Hospice, hands, senior

Despite stress on United States healthcare systems during the early pandemic, overall end-of-life care quality remained comparable to prepandemic care for patients with and without dementia, a new study of Medicare data has found. But the findings highlight disparities in spiritual care, investigators said.

The study included 1,050 proxies for deceased participants in the National Health and Aging Trends Study. Participants had died between 2019 and 2021. End-of-life care quality was assessed using interviews with the bereaved caregivers, including their ratings of 13 care quality measures from the following categories: pain and symptom management, communication and decision-making, emotional support and overall quality.

Overall ratings of care deemed “not excellent” were more common among people who died during the pandemic than among those who died before the pandemic began. And people with dementia appeared to be more likely to have unmet spiritual needs at the end of life. 
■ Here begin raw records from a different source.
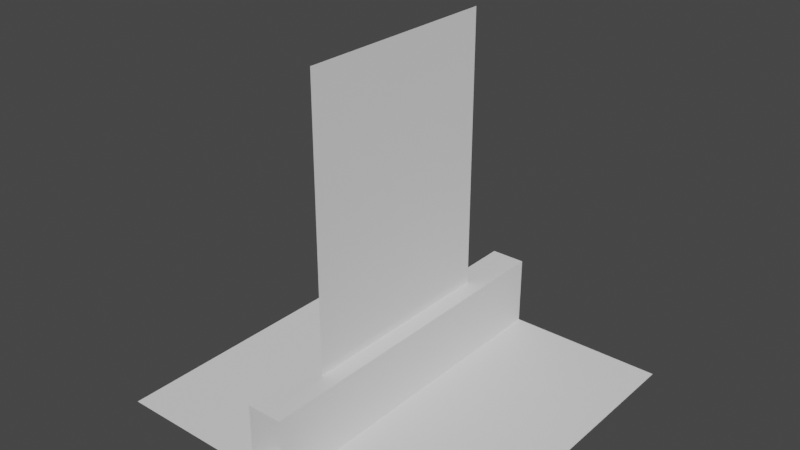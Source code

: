 # Source: dungeon-parts.blend  (saved by Blender 2.82.7; exported with 4.5.12 LTS)
import bpy
from mathutils import Matrix  # noqa: F401  (used for matrix-valued properties, if any)

bpy.ops.wm.read_factory_settings(use_empty=True)
scene = bpy.context.scene
scene.name = 'Scene'

# ---- world
world_world = bpy.data.worlds.new('World'); scene.world = world_world
world_world.use_nodes = True; world_world.node_tree.nodes.clear()
_N = world_world.node_tree.nodes; _L = world_world.node_tree.links
n0 = _N.new('ShaderNodeOutputWorld'); n0.name = 'World Output'; n0.location = (300, 300)
n1 = _N.new('ShaderNodeBackground'); n1.name = 'Background'; n1.location = (10, 300)
n1.inputs[0].default_value = (0.05088, 0.05088, 0.05088, 1.0)
_L.new(n1.outputs[0], n0.inputs[0])
n0.is_active_output = True
world_world.color = (0.05088, 0.05088, 0.05088)
world_world.use_sun_shadow = False
world_world.sun_shadow_jitter_overblur = 0.0

# ---- meshes
me_plane_003 = bpy.data.meshes.new('Plane.003')
me_plane_003.from_pydata([(-0.5, -0.5006, 0.05), (0.5, -0.5006, 0.05), (-0.5, -0.3006, 0.05), (0.5, -0.3006, 0.05), (-0.5, -0.5006, -0.05), (0.5, -0.5006, -0.05), (-0.5, -0.3006, -0.05), (0.5, -0.3006, -0.05), (0.5, -0.5, 0.5), (0.5, -0.5, -0.5), (-0.5, -0.5, 0.5), (-0.5, -0.5, -0.5)], [], [(0, 1, 3, 2), (2, 3, 7, 6), (6, 7, 5, 4), (8, 9, 11, 10)])
_uv = me_plane_003.uv_layers.new(name='UVMap')
_uv.uv.foreach_set('vector', [1.0, -1.699e-05, 1.0, 0.9999, 0.8002, 0.9999, 0.8002, -1.699e-05, 0.8002, -4.292e-05, 0.8002, 0.9999, 0.7002, 0.9999, 0.7002, -4.303e-05, 0.7002, -1.703e-05, 0.7002, 0.9999, 0.5002, 0.9999, 0.5002, -1.709e-05, 0.9999, 0.9999, 0.0001001, 0.9999, 9.998e-05, 0.0001001, 0.9999, 9.998e-05])
me_plane_003.use_remesh_fix_poles = True
me_plane_003.use_remesh_preserve_attributes = False
me_plane_003.use_mirror_vertex_groups = False
me_plane_003.update()
me_plane_004 = bpy.data.meshes.new('Plane.004')
me_plane_004.from_pydata([(2.98e-08, -0.3006, 0.5), (0.0, -0.3006, -0.5), (2.98e-08, 0.2994, 0.5), (0.0, 0.2994, -0.5)], [], [(0, 1, 3, 2)])
_uv = me_plane_004.uv_layers.new(name='UVMap')
_uv.uv.foreach_set('vector', [0.9999, 0.9999, 0.0001001, 0.9999, 9.998e-05, 0.0001001, 0.9999, 9.998e-05])
me_plane_004.use_remesh_fix_poles = True
me_plane_004.use_remesh_preserve_attributes = False
me_plane_004.use_mirror_vertex_groups = False
me_plane_004.update()

# ---- objects
ob_archway = bpy.data.objects.new('Archway', me_plane_003)
ob_door = bpy.data.objects.new('Door', me_plane_004)

# ---- transforms, parenting, visibility, modifiers, constraints
ob_archway.location = (-7.153e-07, 0.0, 0.0)
ob_archway.rotation_euler = (1.571, 4.371e-08, -1.571)
ob_archway.lineart.crease_threshold = 0.0
ob_door.location = (0.0, 0.0, 0.0)
ob_door.lineart.crease_threshold = 0.0

# ---- collection membership
scene.collection.objects.link(ob_archway)
scene.collection.objects.link(ob_door)

# ---- scene / render settings (as saved in the file)
scene.frame_start = 1; scene.frame_end = 250; scene.frame_set(1)
scene.render.engine = 'BLENDER_EEVEE_NEXT'
scene.cycles.use_denoising = False
scene.cycles.samples = 128
scene.cycles.sampling_pattern = 'TABULATED_SOBOL'
scene.cycles.use_adaptive_sampling = False
scene.cycles.use_light_tree = False
scene.view_settings.view_transform = 'Filmic'
bpy.context.view_layer.update()

# ---- added for rendering (the .blend has no active camera and no usable light): camera, sun
cam_auto = bpy.data.cameras.new('AutoCamera')
cam_auto.lens = 50.0
cam_auto.sensor_width = 36.0
cam_auto.clip_end = 1000.0
ob_auto_camera = bpy.data.objects.new('AutoCamera', cam_auto)
scene.collection.objects.link(ob_auto_camera)
ob_auto_camera.location = (1.60286, -1.92343, 1.28199)
ob_auto_camera.rotation_euler = (1.09748, -7.21219e-08, 0.694738)
scene.camera = ob_auto_camera
light_auto_sun = bpy.data.lights.new('AutoSun', 'SUN')
light_auto_sun.energy = 3.0
light_auto_sun.angle = 0.0523599
ob_auto_sun = bpy.data.objects.new('AutoSun', light_auto_sun)
scene.collection.objects.link(ob_auto_sun)
ob_auto_sun.rotation_euler = (0.872665, 0.174533, 0.523599)
bpy.context.view_layer.update()
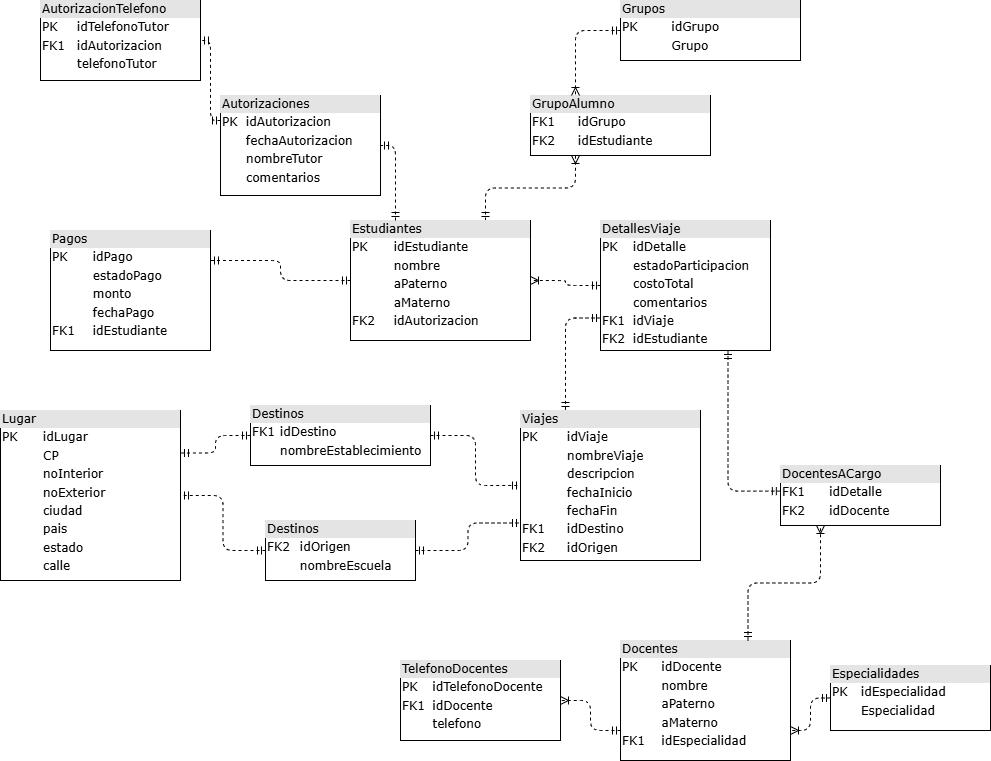

The diagram above was exported from draw.io. Its source (the exported page's mxGraphModel, read from the mxfile embedded in the PNG):
<mxGraphModel dx="1044" dy="674" grid="1" gridSize="10" guides="1" tooltips="1" connect="1" arrows="1" fold="1" page="1" pageScale="1" pageWidth="1100" pageHeight="850" background="none" math="0" shadow="0">
  <root>
    <mxCell id="0" />
    <mxCell id="1" parent="0" />
    <mxCell id="2ed32ef02a7f4228-20" style="edgeStyle=orthogonalEdgeStyle;html=1;dashed=1;labelBackgroundColor=none;startArrow=ERmandOne;endArrow=ERoneToMany;fontFamily=Verdana;fontSize=12;align=left;exitX=0.75;exitY=0;exitDx=0;exitDy=0;entryX=0.25;entryY=1;entryDx=0;entryDy=0;" parent="1" source="2ed32ef02a7f4228-11" target="AjMwdZ3VQ4zlIAga7tvS-1" edge="1">
      <mxGeometry relative="1" as="geometry">
        <mxPoint x="230" y="165" as="sourcePoint" />
        <mxPoint x="480" y="85" as="targetPoint" />
      </mxGeometry>
    </mxCell>
    <mxCell id="2ed32ef02a7f4228-11" value="&lt;div style=&quot;box-sizing:border-box;width:100%;background:#e4e4e4;padding:2px;&quot;&gt;Estudiantes&lt;/div&gt;&lt;table style=&quot;width:100%;font-size:1em;&quot; cellpadding=&quot;2&quot; cellspacing=&quot;0&quot;&gt;&lt;tbody&gt;&lt;tr&gt;&lt;td&gt;PK&lt;/td&gt;&lt;td&gt;idEstudiante&lt;/td&gt;&lt;/tr&gt;&lt;tr&gt;&lt;td&gt;&lt;/td&gt;&lt;td&gt;nombre&lt;/td&gt;&lt;/tr&gt;&lt;tr&gt;&lt;td&gt;&lt;br&gt;&lt;/td&gt;&lt;td&gt;aPaterno&lt;/td&gt;&lt;/tr&gt;&lt;tr&gt;&lt;td&gt;&lt;br&gt;&lt;/td&gt;&lt;td&gt;aMaterno&lt;/td&gt;&lt;/tr&gt;&lt;tr&gt;&lt;td&gt;FK2&lt;/td&gt;&lt;td&gt;idAutorizacion&lt;/td&gt;&lt;/tr&gt;&lt;/tbody&gt;&lt;/table&gt;" style="verticalAlign=top;align=left;overflow=fill;html=1;rounded=0;shadow=0;comic=0;labelBackgroundColor=none;strokeWidth=1;fontFamily=Verdana;fontSize=12" parent="1" vertex="1">
      <mxGeometry x="400" y="265" width="180" height="120" as="geometry" />
    </mxCell>
    <mxCell id="AjMwdZ3VQ4zlIAga7tvS-1" value="&lt;div style=&quot;box-sizing:border-box;width:100%;background:#e4e4e4;padding:2px;&quot;&gt;GrupoAlumno&lt;/div&gt;&lt;table style=&quot;width:100%;font-size:1em;&quot; cellpadding=&quot;2&quot; cellspacing=&quot;0&quot;&gt;&lt;tbody&gt;&lt;tr&gt;&lt;td&gt;FK1&lt;/td&gt;&lt;td&gt;idGrupo&lt;/td&gt;&lt;/tr&gt;&lt;tr&gt;&lt;td&gt;FK2&lt;/td&gt;&lt;td&gt;idEstudiante&lt;/td&gt;&lt;/tr&gt;&lt;/tbody&gt;&lt;/table&gt;" style="verticalAlign=top;align=left;overflow=fill;html=1;rounded=0;shadow=0;comic=0;labelBackgroundColor=none;strokeWidth=1;fontFamily=Verdana;fontSize=12" parent="1" vertex="1">
      <mxGeometry x="580" y="140" width="180" height="60" as="geometry" />
    </mxCell>
    <mxCell id="AjMwdZ3VQ4zlIAga7tvS-2" value="&lt;div style=&quot;box-sizing:border-box;width:100%;background:#e4e4e4;padding:2px;&quot;&gt;Grupos&lt;/div&gt;&lt;table style=&quot;width:100%;font-size:1em;&quot; cellpadding=&quot;2&quot; cellspacing=&quot;0&quot;&gt;&lt;tbody&gt;&lt;tr&gt;&lt;td&gt;PK&lt;/td&gt;&lt;td&gt;idGrupo&lt;/td&gt;&lt;/tr&gt;&lt;tr&gt;&lt;td&gt;&lt;br&gt;&lt;/td&gt;&lt;td&gt;Grupo&lt;/td&gt;&lt;/tr&gt;&lt;/tbody&gt;&lt;/table&gt;" style="verticalAlign=top;align=left;overflow=fill;html=1;rounded=0;shadow=0;comic=0;labelBackgroundColor=none;strokeWidth=1;fontFamily=Verdana;fontSize=12" parent="1" vertex="1">
      <mxGeometry x="670" y="45" width="180" height="60" as="geometry" />
    </mxCell>
    <mxCell id="AjMwdZ3VQ4zlIAga7tvS-3" style="edgeStyle=orthogonalEdgeStyle;html=1;dashed=1;labelBackgroundColor=none;startArrow=ERmandOne;endArrow=ERoneToMany;fontFamily=Verdana;fontSize=12;align=left;exitX=0;exitY=0.5;exitDx=0;exitDy=0;entryX=0.25;entryY=0;entryDx=0;entryDy=0;" parent="1" source="AjMwdZ3VQ4zlIAga7tvS-2" target="AjMwdZ3VQ4zlIAga7tvS-1" edge="1">
      <mxGeometry relative="1" as="geometry">
        <mxPoint x="280" y="274" as="sourcePoint" />
        <mxPoint x="220" y="255" as="targetPoint" />
      </mxGeometry>
    </mxCell>
    <mxCell id="AjMwdZ3VQ4zlIAga7tvS-4" style="edgeStyle=orthogonalEdgeStyle;html=1;dashed=1;labelBackgroundColor=none;startArrow=ERmandOne;endArrow=ERmandOne;fontFamily=Verdana;fontSize=12;align=left;exitX=0.25;exitY=0;exitDx=0;exitDy=0;entryX=1;entryY=0.5;entryDx=0;entryDy=0;endFill=0;" parent="1" source="2ed32ef02a7f4228-11" target="AjMwdZ3VQ4zlIAga7tvS-5" edge="1">
      <mxGeometry relative="1" as="geometry">
        <mxPoint x="510" y="205" as="sourcePoint" />
        <mxPoint x="450" y="216" as="targetPoint" />
      </mxGeometry>
    </mxCell>
    <mxCell id="AjMwdZ3VQ4zlIAga7tvS-5" value="&lt;div style=&quot;box-sizing:border-box;width:100%;background:#e4e4e4;padding:2px;&quot;&gt;Autorizaciones&lt;/div&gt;&lt;table style=&quot;width:100%;font-size:1em;&quot; cellpadding=&quot;2&quot; cellspacing=&quot;0&quot;&gt;&lt;tbody&gt;&lt;tr&gt;&lt;td&gt;PK&lt;/td&gt;&lt;td&gt;idAutorizacion&lt;/td&gt;&lt;/tr&gt;&lt;tr&gt;&lt;td&gt;&lt;/td&gt;&lt;td&gt;fechaAutorizacion&lt;/td&gt;&lt;/tr&gt;&lt;tr&gt;&lt;td&gt;&lt;br&gt;&lt;/td&gt;&lt;td&gt;nombreTutor&lt;/td&gt;&lt;/tr&gt;&lt;tr&gt;&lt;td&gt;&lt;br&gt;&lt;/td&gt;&lt;td&gt;comentarios&lt;/td&gt;&lt;/tr&gt;&lt;/tbody&gt;&lt;/table&gt;" style="verticalAlign=top;align=left;overflow=fill;html=1;rounded=0;shadow=0;comic=0;labelBackgroundColor=none;strokeWidth=1;fontFamily=Verdana;fontSize=12" parent="1" vertex="1">
      <mxGeometry x="270" y="140" width="160" height="100" as="geometry" />
    </mxCell>
    <mxCell id="AjMwdZ3VQ4zlIAga7tvS-6" value="&lt;div style=&quot;box-sizing:border-box;width:100%;background:#e4e4e4;padding:2px;&quot;&gt;AutorizacionTelefono&lt;/div&gt;&lt;table style=&quot;width:100%;font-size:1em;&quot; cellpadding=&quot;2&quot; cellspacing=&quot;0&quot;&gt;&lt;tbody&gt;&lt;tr&gt;&lt;td&gt;PK&lt;/td&gt;&lt;td&gt;idTelefonoTutor&lt;/td&gt;&lt;/tr&gt;&lt;tr&gt;&lt;td&gt;FK1&lt;/td&gt;&lt;td&gt;idAutorizacion&lt;/td&gt;&lt;/tr&gt;&lt;tr&gt;&lt;td&gt;&lt;br&gt;&lt;/td&gt;&lt;td&gt;telefonoTutor&lt;/td&gt;&lt;/tr&gt;&lt;/tbody&gt;&lt;/table&gt;" style="verticalAlign=top;align=left;overflow=fill;html=1;rounded=0;shadow=0;comic=0;labelBackgroundColor=none;strokeWidth=1;fontFamily=Verdana;fontSize=12" parent="1" vertex="1">
      <mxGeometry x="90" y="45" width="160" height="80" as="geometry" />
    </mxCell>
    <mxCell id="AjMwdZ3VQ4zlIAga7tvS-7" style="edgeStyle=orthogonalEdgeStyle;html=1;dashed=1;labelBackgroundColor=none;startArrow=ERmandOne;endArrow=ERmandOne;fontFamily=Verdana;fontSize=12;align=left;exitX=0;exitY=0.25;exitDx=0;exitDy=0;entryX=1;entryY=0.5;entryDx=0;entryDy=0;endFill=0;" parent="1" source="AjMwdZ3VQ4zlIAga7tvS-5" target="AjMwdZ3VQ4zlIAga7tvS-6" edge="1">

Otherwise, dementia and the pandemic were not found to have a significant impact on the study indicators and caregivers’ overall rating of care quality, the researchers found.

Hospice care helped

“Most end-of-life care indicators preserved the level of quality, regardless of dementia and the COVID-19 pandemic,” the authors wrote. This result may be attributed in part to a relatively higher use of hospice by people with dementia in the study, they theorized. 

However, “disparities in spiritual care may exist across people with and without dementia,” they added. Spiritual care tends to receive less attention than advance care planning and psychological aspects of care, the researchers noted.

“Our results support the existing need for spiritual care for people with dementia regardless of a healthcare crisis and restrictions,” they concluded.

Full findings were published in JAMDA.